[Stored data entries]

☆ ☆ ☆

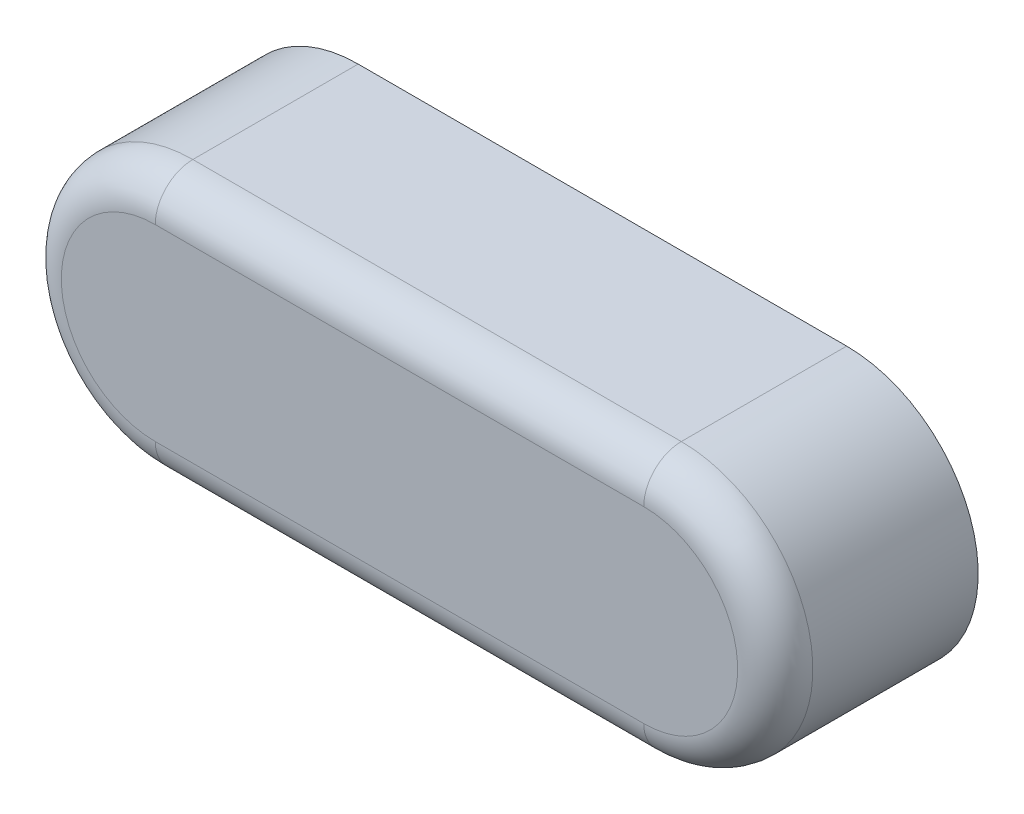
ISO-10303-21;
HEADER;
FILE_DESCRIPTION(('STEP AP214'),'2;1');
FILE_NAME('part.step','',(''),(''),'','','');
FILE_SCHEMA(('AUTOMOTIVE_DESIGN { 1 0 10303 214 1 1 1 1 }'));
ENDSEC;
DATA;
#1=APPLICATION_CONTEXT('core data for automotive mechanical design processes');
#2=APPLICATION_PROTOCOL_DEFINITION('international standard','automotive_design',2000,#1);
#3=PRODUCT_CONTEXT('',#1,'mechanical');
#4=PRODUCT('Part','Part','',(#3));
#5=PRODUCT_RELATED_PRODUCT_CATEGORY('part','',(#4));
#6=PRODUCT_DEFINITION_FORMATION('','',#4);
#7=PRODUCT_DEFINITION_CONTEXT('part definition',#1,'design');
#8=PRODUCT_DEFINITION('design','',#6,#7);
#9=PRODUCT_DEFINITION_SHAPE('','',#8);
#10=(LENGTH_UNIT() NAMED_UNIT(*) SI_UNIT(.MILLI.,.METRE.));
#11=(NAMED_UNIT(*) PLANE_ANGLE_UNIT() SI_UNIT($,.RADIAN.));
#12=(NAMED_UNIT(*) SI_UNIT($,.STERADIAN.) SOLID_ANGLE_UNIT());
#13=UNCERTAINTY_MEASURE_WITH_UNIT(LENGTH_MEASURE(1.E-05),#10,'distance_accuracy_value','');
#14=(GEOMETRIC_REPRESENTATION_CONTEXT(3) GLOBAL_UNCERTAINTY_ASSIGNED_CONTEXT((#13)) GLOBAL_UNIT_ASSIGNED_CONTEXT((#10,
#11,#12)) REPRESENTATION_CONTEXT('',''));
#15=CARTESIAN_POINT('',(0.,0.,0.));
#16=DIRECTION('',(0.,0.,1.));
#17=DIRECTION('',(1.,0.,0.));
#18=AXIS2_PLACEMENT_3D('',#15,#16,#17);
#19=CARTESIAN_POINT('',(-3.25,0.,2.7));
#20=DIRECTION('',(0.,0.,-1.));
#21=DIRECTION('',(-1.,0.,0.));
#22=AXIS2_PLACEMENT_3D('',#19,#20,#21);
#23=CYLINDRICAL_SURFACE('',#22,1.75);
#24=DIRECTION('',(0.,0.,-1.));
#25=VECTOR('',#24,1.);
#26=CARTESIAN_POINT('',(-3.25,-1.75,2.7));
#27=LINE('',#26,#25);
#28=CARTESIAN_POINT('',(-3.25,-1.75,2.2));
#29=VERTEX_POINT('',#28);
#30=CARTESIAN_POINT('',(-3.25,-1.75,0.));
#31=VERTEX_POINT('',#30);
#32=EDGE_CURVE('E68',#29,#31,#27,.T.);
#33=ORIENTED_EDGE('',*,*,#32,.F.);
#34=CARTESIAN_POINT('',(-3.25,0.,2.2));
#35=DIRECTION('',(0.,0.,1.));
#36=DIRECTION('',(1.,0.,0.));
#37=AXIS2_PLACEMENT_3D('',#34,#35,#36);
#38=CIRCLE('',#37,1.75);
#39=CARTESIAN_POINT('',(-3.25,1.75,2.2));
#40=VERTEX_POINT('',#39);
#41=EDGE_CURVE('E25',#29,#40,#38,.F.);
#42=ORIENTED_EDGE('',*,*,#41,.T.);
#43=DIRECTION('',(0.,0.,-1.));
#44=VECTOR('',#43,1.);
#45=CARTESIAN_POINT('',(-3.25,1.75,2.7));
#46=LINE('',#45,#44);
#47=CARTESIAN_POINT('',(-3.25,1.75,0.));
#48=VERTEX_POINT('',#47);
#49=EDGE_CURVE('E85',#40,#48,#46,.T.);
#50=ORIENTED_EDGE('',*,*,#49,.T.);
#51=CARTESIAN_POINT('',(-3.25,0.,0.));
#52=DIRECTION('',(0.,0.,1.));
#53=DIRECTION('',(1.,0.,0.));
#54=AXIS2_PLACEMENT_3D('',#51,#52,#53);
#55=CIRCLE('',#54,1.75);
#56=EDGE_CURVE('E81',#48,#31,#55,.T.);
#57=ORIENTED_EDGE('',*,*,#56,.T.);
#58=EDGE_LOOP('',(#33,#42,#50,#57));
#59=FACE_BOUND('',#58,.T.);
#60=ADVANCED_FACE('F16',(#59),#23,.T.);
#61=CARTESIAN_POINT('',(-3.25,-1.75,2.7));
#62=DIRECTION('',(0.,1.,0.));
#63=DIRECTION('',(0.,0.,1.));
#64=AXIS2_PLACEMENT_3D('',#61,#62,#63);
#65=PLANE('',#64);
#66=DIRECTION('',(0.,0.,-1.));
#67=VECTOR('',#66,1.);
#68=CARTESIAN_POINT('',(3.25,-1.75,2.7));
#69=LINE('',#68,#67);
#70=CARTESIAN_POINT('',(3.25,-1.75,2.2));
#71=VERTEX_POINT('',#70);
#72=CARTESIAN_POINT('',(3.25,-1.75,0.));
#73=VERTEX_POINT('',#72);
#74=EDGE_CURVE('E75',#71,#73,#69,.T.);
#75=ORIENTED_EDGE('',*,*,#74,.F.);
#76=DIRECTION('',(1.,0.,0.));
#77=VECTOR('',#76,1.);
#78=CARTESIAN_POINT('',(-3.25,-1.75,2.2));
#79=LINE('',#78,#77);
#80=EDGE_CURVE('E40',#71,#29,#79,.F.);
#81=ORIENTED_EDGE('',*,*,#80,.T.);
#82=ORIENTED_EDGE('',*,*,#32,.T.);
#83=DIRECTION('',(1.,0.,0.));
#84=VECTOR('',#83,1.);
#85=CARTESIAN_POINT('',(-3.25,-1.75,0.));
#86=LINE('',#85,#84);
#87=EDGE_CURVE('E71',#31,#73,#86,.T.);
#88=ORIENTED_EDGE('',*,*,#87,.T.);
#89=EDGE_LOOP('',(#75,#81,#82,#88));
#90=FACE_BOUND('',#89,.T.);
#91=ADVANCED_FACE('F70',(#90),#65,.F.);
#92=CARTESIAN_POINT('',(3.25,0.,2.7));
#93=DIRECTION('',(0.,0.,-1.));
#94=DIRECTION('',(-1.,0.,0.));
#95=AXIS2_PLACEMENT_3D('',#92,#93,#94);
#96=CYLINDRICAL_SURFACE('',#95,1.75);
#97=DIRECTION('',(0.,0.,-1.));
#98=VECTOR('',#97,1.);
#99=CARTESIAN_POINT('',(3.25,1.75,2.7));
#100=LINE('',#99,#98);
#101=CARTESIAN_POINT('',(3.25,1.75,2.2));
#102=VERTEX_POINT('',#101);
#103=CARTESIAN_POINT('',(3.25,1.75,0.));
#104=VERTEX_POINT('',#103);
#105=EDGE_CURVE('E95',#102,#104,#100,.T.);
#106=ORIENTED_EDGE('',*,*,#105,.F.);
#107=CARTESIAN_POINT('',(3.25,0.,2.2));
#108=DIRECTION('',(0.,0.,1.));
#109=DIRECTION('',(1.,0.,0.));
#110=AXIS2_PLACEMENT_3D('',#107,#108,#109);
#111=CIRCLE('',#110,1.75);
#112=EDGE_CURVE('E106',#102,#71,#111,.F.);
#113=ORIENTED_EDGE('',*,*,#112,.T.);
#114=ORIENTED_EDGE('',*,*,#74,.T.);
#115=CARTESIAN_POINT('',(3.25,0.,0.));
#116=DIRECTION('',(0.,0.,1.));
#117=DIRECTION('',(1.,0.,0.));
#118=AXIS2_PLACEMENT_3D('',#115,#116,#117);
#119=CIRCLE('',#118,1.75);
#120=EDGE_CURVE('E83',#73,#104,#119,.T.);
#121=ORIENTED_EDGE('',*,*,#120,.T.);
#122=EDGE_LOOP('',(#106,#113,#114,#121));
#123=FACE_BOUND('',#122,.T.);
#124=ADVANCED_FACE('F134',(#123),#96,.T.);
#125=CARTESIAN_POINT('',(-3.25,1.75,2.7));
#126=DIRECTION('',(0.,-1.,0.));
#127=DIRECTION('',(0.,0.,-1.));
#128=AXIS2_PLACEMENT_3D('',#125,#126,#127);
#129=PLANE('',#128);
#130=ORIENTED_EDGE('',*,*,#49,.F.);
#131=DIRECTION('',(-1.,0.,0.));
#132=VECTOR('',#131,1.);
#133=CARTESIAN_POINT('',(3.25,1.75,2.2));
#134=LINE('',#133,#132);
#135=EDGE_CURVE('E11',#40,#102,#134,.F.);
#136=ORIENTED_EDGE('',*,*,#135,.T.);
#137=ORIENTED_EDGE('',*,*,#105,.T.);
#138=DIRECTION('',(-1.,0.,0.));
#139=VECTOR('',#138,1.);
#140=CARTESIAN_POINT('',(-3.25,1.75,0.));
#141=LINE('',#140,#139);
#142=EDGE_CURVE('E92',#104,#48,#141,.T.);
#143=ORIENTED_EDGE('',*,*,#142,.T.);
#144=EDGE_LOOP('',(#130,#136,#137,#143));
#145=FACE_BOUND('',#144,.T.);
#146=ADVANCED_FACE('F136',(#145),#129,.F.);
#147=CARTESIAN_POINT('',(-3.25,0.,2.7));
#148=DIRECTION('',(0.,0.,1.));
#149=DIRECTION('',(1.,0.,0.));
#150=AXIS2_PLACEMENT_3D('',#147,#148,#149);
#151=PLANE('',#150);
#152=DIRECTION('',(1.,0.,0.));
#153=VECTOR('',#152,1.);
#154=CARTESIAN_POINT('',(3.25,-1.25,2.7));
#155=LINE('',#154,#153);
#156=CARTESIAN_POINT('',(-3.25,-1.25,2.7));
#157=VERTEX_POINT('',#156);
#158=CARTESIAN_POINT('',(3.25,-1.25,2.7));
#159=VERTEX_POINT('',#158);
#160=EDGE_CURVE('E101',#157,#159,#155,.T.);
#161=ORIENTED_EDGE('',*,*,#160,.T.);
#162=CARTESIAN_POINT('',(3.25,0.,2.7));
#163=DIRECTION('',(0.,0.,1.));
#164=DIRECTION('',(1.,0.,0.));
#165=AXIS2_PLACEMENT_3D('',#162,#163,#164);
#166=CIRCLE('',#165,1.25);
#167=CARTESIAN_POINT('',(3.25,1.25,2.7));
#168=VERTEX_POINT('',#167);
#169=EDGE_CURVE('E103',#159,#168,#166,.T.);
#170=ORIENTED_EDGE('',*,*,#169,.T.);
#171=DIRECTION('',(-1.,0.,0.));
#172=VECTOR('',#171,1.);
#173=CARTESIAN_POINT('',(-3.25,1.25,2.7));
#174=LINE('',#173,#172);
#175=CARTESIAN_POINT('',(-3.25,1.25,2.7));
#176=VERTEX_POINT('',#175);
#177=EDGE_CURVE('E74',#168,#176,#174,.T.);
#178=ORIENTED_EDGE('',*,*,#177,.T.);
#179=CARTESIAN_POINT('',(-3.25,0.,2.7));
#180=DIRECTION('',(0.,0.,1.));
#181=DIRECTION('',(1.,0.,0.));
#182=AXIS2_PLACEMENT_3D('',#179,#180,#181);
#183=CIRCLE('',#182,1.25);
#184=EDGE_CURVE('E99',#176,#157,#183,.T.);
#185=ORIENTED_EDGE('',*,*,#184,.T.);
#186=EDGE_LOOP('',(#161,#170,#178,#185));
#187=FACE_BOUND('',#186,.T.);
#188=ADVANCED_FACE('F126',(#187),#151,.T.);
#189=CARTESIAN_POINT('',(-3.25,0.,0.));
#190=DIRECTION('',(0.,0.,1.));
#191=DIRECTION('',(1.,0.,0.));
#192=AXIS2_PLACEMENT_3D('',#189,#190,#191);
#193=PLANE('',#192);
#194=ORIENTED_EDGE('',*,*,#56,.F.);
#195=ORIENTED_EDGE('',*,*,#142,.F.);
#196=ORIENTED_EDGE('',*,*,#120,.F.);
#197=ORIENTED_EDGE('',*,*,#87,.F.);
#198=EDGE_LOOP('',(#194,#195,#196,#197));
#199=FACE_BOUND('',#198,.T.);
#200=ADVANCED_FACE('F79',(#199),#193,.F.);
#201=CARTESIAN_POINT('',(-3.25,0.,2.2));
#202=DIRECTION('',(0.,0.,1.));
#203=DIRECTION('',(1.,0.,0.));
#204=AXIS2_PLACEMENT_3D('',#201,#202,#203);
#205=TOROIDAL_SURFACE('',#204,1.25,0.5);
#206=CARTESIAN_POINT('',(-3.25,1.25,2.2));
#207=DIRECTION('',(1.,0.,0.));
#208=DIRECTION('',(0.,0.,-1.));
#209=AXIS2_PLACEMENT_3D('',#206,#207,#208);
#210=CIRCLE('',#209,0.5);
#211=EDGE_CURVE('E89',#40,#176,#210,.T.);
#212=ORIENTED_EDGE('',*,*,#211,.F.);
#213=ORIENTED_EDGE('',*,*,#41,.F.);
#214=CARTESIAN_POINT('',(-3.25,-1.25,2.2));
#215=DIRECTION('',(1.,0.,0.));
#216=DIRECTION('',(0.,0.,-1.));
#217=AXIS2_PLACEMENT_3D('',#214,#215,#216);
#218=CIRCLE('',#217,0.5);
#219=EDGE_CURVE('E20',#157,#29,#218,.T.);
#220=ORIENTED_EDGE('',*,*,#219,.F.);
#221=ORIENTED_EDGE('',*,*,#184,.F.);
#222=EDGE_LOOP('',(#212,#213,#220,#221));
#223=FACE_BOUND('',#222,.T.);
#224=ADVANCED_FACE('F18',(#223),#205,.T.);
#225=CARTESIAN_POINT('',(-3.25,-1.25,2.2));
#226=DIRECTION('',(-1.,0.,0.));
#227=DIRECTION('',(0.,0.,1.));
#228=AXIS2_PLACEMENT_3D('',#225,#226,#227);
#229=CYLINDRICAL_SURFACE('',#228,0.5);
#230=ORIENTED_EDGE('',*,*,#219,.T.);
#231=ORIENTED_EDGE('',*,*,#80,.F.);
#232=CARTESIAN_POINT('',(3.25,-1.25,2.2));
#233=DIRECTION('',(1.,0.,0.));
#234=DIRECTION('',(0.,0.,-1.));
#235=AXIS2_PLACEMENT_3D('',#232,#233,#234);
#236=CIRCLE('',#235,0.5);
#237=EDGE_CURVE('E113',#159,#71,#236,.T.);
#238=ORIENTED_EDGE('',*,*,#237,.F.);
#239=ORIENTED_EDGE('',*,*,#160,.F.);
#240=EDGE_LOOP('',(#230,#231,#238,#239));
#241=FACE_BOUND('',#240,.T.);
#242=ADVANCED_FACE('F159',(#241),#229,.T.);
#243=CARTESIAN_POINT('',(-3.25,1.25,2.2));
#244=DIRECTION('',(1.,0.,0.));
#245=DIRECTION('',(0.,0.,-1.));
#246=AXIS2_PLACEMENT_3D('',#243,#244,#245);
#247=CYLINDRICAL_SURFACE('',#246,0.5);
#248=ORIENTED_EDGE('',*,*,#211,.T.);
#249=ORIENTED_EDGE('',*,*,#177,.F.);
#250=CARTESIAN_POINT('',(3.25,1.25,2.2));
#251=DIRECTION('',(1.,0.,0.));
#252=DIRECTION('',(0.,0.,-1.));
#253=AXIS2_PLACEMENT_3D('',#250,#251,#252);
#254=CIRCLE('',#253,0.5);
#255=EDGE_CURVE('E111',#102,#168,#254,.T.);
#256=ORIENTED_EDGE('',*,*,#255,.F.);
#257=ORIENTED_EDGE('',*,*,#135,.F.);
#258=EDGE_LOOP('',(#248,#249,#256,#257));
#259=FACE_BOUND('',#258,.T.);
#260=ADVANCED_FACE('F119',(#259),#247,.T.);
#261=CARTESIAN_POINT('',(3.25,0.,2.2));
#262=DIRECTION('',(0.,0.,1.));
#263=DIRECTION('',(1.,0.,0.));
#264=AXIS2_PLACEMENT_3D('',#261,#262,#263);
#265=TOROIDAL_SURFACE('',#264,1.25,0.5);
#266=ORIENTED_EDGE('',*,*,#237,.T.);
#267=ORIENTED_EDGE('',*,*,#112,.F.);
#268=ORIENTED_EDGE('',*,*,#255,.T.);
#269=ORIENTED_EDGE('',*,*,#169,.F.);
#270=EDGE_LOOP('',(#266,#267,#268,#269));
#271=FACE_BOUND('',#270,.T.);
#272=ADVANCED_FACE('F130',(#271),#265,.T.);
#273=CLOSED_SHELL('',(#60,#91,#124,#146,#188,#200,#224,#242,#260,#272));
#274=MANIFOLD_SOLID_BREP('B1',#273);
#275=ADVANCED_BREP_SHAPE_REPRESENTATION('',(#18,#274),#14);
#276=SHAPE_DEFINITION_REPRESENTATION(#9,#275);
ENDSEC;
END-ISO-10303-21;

☆ ☆ ☆

* [EXERCISE BRIEF]: Above are the records; from them, give again exactly the lines from the one containing "#161=ORIENTED_EDGE('',*,*,#160,.T.);" through the one containing "#217=AXIS2_PLACEMENT_3D('',#214,#215,#216);", both included.

* [FINISHED EXERCISE]:
#161=ORIENTED_EDGE('',*,*,#160,.T.);
#162=CARTESIAN_POINT('',(3.25,0.,2.7));
#163=DIRECTION('',(0.,0.,1.));
#164=DIRECTION('',(1.,0.,0.));
#165=AXIS2_PLACEMENT_3D('',#162,#163,#164);
#166=CIRCLE('',#165,1.25);
#167=CARTESIAN_POINT('',(3.25,1.25,2.7));
#168=VERTEX_POINT('',#167);
#169=EDGE_CURVE('E103',#159,#168,#166,.T.);
#170=ORIENTED_EDGE('',*,*,#169,.T.);
#171=DIRECTION('',(-1.,0.,0.));
#172=VECTOR('',#171,1.);
#173=CARTESIAN_POINT('',(-3.25,1.25,2.7));
#174=LINE('',#173,#172);
#175=CARTESIAN_POINT('',(-3.25,1.25,2.7));
#176=VERTEX_POINT('',#175);
#177=EDGE_CURVE('E74',#168,#176,#174,.T.);
#178=ORIENTED_EDGE('',*,*,#177,.T.);
#179=CARTESIAN_POINT('',(-3.25,0.,2.7));
#180=DIRECTION('',(0.,0.,1.));
#181=DIRECTION('',(1.,0.,0.));
#182=AXIS2_PLACEMENT_3D('',#179,#180,#181);
#183=CIRCLE('',#182,1.25);
#184=EDGE_CURVE('E99',#176,#157,#183,.T.);
#185=ORIENTED_EDGE('',*,*,#184,.T.);
#186=EDGE_LOOP('',(#161,#170,#178,#185));
#187=FACE_BOUND('',#186,.T.);
#188=ADVANCED_FACE('F126',(#187),#151,.T.);
#189=CARTESIAN_POINT('',(-3.25,0.,0.));
#190=DIRECTION('',(0.,0.,1.));
#191=DIRECTION('',(1.,0.,0.));
#192=AXIS2_PLACEMENT_3D('',#189,#190,#191);
#193=PLANE('',#192);
#194=ORIENTED_EDGE('',*,*,#56,.F.);
#195=ORIENTED_EDGE('',*,*,#142,.F.);
#196=ORIENTED_EDGE('',*,*,#120,.F.);
#197=ORIENTED_EDGE('',*,*,#87,.F.);
#198=EDGE_LOOP('',(#194,#195,#196,#197));
#199=FACE_BOUND('',#198,.T.);
#200=ADVANCED_FACE('F79',(#199),#193,.F.);
#201=CARTESIAN_POINT('',(-3.25,0.,2.2));
#202=DIRECTION('',(0.,0.,1.));
#203=DIRECTION('',(1.,0.,0.));
#204=AXIS2_PLACEMENT_3D('',#201,#202,#203);
#205=TOROIDAL_SURFACE('',#204,1.25,0.5);
#206=CARTESIAN_POINT('',(-3.25,1.25,2.2));
#207=DIRECTION('',(1.,0.,0.));
#208=DIRECTION('',(0.,0.,-1.));
#209=AXIS2_PLACEMENT_3D('',#206,#207,#208);
#210=CIRCLE('',#209,0.5);
#211=EDGE_CURVE('E89',#40,#176,#210,.T.);
#212=ORIENTED_EDGE('',*,*,#211,.F.);
#213=ORIENTED_EDGE('',*,*,#41,.F.);
#214=CARTESIAN_POINT('',(-3.25,-1.25,2.2));
#215=DIRECTION('',(1.,0.,0.));
#216=DIRECTION('',(0.,0.,-1.));
#217=AXIS2_PLACEMENT_3D('',#214,#215,#216);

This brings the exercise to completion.